***** INPUT RECORDS

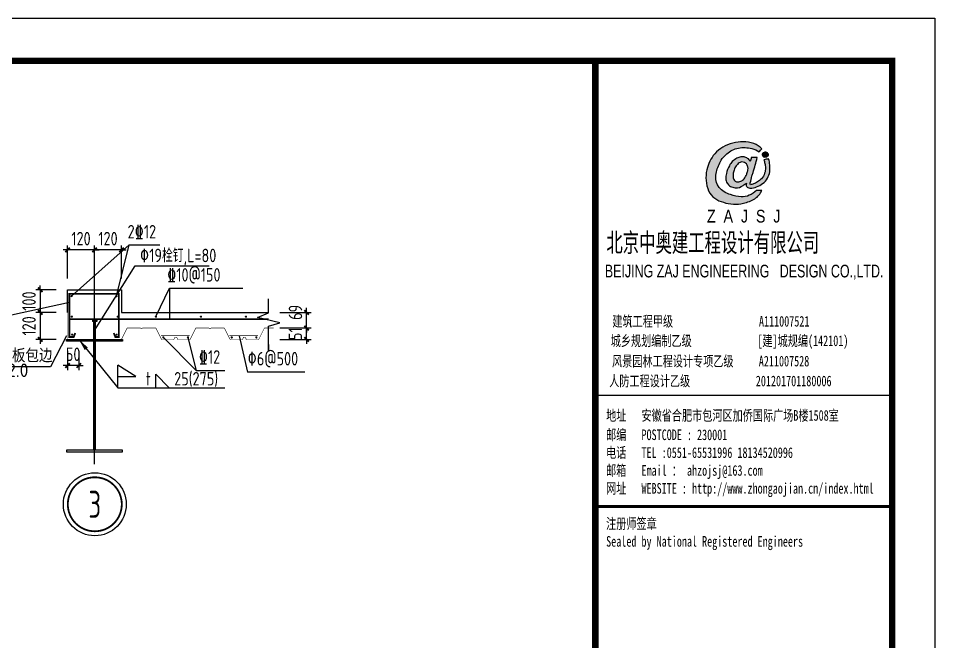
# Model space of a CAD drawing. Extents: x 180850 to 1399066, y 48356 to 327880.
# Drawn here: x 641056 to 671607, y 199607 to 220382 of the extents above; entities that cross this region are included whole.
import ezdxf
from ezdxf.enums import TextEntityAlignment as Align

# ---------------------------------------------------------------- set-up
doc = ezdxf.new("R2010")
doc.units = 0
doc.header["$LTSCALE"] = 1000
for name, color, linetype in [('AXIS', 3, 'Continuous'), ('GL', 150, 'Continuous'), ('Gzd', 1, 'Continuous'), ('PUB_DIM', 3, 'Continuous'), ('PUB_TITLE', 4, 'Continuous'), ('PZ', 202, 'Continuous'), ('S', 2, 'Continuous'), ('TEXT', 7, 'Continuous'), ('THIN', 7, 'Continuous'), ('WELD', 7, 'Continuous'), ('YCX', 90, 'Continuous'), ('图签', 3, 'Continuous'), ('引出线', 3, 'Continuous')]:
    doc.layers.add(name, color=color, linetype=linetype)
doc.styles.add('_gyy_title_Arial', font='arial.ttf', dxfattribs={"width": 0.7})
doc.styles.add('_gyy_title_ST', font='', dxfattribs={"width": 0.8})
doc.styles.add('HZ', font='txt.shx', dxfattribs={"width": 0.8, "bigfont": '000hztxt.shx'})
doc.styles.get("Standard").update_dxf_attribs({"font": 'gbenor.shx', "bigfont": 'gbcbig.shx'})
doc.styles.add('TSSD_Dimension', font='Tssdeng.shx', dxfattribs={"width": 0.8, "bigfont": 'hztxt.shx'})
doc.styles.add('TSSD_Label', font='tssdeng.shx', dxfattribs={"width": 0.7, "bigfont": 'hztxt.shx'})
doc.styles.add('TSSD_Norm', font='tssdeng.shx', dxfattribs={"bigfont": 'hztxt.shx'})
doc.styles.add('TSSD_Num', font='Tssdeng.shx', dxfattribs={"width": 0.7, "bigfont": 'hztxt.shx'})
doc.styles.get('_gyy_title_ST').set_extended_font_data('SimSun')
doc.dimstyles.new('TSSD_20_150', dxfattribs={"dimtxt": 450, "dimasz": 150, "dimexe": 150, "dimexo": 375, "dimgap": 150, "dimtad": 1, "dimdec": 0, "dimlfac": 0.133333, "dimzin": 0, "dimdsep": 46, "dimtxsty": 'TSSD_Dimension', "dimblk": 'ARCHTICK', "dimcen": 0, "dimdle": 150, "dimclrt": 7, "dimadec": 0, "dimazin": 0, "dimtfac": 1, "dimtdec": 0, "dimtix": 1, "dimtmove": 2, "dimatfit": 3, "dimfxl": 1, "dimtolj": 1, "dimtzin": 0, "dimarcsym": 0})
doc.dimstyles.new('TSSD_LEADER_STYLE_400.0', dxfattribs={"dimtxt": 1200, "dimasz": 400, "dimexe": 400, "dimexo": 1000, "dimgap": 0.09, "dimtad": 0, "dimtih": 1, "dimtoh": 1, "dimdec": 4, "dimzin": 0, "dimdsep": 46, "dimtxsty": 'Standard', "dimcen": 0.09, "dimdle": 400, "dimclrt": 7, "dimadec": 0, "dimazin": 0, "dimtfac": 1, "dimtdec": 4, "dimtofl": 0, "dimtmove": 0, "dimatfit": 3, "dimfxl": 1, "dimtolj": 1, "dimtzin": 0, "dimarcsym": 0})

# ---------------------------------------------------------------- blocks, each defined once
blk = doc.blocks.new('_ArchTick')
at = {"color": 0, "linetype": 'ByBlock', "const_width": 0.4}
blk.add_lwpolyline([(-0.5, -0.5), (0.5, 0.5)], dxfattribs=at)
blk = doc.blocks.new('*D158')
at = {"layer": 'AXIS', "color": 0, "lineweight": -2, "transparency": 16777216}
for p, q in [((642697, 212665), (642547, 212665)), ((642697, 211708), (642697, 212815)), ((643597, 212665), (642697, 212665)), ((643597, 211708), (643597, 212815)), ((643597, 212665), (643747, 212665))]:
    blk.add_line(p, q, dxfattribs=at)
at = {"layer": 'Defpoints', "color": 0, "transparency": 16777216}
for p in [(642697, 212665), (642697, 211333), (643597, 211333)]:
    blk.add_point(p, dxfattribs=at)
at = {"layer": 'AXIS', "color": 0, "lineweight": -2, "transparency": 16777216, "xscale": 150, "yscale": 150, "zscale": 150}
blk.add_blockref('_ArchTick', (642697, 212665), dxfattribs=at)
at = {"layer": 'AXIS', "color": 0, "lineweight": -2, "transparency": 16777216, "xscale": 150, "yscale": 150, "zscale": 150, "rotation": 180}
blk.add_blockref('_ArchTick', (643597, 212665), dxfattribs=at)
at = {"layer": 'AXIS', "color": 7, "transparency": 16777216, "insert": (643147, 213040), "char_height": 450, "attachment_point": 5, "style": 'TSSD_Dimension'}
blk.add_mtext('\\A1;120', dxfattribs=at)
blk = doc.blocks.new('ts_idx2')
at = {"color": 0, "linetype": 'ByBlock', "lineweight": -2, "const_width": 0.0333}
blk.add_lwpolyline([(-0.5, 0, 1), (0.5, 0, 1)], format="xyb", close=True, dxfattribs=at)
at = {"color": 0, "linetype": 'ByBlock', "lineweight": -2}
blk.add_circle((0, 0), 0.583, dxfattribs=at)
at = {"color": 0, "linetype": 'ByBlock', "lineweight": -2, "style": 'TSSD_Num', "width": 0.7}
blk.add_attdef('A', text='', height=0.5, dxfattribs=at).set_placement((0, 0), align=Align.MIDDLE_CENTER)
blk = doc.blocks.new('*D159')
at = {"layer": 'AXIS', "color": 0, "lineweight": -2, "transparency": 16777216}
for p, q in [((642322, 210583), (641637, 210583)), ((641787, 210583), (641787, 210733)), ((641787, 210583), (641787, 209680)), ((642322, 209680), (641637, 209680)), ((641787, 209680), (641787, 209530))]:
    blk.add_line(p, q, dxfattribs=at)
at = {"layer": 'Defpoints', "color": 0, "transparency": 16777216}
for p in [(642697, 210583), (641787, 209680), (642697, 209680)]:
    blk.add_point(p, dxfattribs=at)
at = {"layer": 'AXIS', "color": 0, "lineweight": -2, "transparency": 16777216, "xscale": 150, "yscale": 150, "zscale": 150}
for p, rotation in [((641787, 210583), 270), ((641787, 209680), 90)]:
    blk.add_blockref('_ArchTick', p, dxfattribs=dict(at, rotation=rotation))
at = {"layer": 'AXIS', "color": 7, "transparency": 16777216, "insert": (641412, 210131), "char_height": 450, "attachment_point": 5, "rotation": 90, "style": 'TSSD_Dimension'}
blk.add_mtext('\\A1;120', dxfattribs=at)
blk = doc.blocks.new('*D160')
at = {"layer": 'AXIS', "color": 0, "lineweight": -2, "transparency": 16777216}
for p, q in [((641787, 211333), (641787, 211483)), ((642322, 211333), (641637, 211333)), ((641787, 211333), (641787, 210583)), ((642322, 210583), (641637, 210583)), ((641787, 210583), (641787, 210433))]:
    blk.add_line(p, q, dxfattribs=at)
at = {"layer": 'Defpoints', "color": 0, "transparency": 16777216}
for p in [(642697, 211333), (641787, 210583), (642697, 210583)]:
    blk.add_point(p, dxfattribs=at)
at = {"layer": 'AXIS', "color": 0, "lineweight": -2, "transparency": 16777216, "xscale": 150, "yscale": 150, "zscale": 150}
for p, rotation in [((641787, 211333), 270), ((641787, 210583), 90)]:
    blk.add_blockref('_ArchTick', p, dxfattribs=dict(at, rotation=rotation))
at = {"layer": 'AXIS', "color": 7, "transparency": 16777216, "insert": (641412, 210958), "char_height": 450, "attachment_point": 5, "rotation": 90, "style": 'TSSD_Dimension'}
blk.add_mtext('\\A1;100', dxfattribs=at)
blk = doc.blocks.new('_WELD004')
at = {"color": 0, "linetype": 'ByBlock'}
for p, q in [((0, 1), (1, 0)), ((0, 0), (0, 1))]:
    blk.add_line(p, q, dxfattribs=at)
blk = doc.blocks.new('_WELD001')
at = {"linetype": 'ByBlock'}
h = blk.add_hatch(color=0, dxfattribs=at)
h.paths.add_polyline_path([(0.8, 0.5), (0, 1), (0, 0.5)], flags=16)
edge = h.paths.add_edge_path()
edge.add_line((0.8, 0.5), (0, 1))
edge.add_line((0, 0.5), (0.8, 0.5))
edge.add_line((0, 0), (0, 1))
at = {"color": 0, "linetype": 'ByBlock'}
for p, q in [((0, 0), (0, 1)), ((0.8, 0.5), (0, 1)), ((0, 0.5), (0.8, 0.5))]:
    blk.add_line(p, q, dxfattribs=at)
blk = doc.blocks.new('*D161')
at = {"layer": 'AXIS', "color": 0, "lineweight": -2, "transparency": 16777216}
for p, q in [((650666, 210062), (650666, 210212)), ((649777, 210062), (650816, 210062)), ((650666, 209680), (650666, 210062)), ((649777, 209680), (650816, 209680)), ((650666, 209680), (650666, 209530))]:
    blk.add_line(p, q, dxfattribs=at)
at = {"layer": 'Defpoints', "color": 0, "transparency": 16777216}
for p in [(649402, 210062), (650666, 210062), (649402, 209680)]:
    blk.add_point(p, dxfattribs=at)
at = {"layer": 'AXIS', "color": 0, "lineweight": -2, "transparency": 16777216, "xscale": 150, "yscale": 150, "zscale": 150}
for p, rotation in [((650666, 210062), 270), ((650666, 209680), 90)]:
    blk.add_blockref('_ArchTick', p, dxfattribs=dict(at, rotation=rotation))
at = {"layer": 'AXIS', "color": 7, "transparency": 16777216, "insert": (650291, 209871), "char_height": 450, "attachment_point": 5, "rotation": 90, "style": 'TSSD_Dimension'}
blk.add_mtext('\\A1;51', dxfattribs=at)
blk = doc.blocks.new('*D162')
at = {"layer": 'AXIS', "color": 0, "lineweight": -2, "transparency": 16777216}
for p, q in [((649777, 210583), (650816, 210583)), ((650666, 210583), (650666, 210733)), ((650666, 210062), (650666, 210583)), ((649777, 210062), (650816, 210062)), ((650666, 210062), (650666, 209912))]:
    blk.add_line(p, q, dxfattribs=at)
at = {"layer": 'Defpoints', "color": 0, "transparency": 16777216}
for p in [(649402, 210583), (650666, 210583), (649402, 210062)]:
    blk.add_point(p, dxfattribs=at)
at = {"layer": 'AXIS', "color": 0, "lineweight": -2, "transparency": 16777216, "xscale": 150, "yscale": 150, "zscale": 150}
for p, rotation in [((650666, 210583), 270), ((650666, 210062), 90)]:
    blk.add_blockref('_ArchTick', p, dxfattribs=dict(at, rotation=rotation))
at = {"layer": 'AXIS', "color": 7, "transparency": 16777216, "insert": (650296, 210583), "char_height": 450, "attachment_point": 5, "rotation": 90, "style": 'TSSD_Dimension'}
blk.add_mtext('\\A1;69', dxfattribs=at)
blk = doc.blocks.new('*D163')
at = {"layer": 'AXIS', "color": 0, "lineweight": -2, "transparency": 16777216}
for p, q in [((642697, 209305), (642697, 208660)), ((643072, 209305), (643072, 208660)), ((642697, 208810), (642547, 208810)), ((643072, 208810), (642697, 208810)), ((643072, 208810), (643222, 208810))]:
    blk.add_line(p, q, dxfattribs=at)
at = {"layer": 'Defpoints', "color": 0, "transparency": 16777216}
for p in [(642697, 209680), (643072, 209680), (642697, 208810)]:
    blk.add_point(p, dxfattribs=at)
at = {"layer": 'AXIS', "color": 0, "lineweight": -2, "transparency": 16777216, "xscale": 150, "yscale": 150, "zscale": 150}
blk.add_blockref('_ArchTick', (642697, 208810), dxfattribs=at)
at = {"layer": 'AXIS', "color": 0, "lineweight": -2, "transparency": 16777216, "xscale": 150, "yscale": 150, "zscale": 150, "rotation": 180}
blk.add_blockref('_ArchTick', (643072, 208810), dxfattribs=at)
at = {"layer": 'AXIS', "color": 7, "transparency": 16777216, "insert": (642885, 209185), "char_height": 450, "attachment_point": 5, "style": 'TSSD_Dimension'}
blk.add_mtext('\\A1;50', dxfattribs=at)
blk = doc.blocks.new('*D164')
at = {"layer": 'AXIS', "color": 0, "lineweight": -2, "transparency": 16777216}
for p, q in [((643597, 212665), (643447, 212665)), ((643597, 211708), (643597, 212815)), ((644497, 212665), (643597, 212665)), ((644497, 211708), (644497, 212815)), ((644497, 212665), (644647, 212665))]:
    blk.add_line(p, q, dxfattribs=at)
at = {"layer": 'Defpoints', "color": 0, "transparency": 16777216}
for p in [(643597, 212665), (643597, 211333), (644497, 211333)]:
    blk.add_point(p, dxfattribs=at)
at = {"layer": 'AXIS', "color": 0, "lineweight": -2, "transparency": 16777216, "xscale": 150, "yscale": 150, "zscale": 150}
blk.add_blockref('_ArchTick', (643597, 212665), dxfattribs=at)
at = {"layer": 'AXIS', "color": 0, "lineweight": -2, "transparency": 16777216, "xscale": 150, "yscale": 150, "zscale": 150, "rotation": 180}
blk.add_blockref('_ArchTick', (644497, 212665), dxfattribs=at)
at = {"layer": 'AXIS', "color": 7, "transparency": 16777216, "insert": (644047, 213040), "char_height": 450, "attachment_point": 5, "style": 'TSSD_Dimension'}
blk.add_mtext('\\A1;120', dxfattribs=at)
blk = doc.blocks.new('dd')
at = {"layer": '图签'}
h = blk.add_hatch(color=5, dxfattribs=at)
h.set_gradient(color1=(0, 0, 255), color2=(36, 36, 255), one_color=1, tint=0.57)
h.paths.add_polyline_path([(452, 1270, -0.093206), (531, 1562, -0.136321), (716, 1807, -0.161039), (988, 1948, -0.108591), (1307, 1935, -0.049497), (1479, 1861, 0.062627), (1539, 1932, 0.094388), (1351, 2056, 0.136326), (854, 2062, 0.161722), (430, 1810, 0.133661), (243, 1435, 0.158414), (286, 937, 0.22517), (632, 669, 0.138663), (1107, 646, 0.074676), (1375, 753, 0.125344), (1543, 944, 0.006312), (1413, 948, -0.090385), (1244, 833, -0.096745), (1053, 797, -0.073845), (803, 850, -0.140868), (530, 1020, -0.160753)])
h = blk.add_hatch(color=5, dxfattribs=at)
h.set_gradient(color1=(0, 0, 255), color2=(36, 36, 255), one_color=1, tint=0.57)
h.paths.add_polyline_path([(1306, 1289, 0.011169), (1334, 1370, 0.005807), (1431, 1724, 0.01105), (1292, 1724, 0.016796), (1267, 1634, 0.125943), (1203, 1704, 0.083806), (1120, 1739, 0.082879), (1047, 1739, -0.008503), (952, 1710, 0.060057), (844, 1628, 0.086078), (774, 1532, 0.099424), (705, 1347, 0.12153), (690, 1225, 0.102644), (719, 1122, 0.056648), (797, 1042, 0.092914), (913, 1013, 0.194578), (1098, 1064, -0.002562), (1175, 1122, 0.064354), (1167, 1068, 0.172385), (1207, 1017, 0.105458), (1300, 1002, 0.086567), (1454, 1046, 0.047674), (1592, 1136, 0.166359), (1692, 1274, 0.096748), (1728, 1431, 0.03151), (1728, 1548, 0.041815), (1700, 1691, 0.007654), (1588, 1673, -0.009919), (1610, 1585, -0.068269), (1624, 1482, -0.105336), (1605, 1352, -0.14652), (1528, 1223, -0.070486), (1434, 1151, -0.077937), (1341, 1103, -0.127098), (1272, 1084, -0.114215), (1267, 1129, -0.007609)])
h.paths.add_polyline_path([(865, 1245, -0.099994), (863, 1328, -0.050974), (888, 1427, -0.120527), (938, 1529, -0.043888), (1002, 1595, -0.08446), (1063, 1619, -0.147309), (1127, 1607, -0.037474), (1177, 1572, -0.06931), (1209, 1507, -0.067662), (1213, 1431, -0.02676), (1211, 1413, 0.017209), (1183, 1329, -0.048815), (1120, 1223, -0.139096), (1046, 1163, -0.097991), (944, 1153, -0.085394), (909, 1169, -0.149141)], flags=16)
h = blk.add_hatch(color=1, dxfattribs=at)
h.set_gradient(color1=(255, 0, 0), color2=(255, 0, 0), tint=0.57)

**********

YOUR OBJECTIVE —
From the records above, copy each line where the word "ByBlock" can be found.

EXERCISE ANSWER —
at = {"color": 0, "linetype": 'ByBlock', "const_width": 0.4}
at = {"color": 0, "linetype": 'ByBlock', "lineweight": -2, "const_width": 0.0333}
at = {"color": 0, "linetype": 'ByBlock', "lineweight": -2}
at = {"color": 0, "linetype": 'ByBlock', "lineweight": -2, "style": 'TSSD_Num', "width": 0.7}
at = {"color": 0, "linetype": 'ByBlock'}
at = {"linetype": 'ByBlock'}
at = {"color": 0, "linetype": 'ByBlock'}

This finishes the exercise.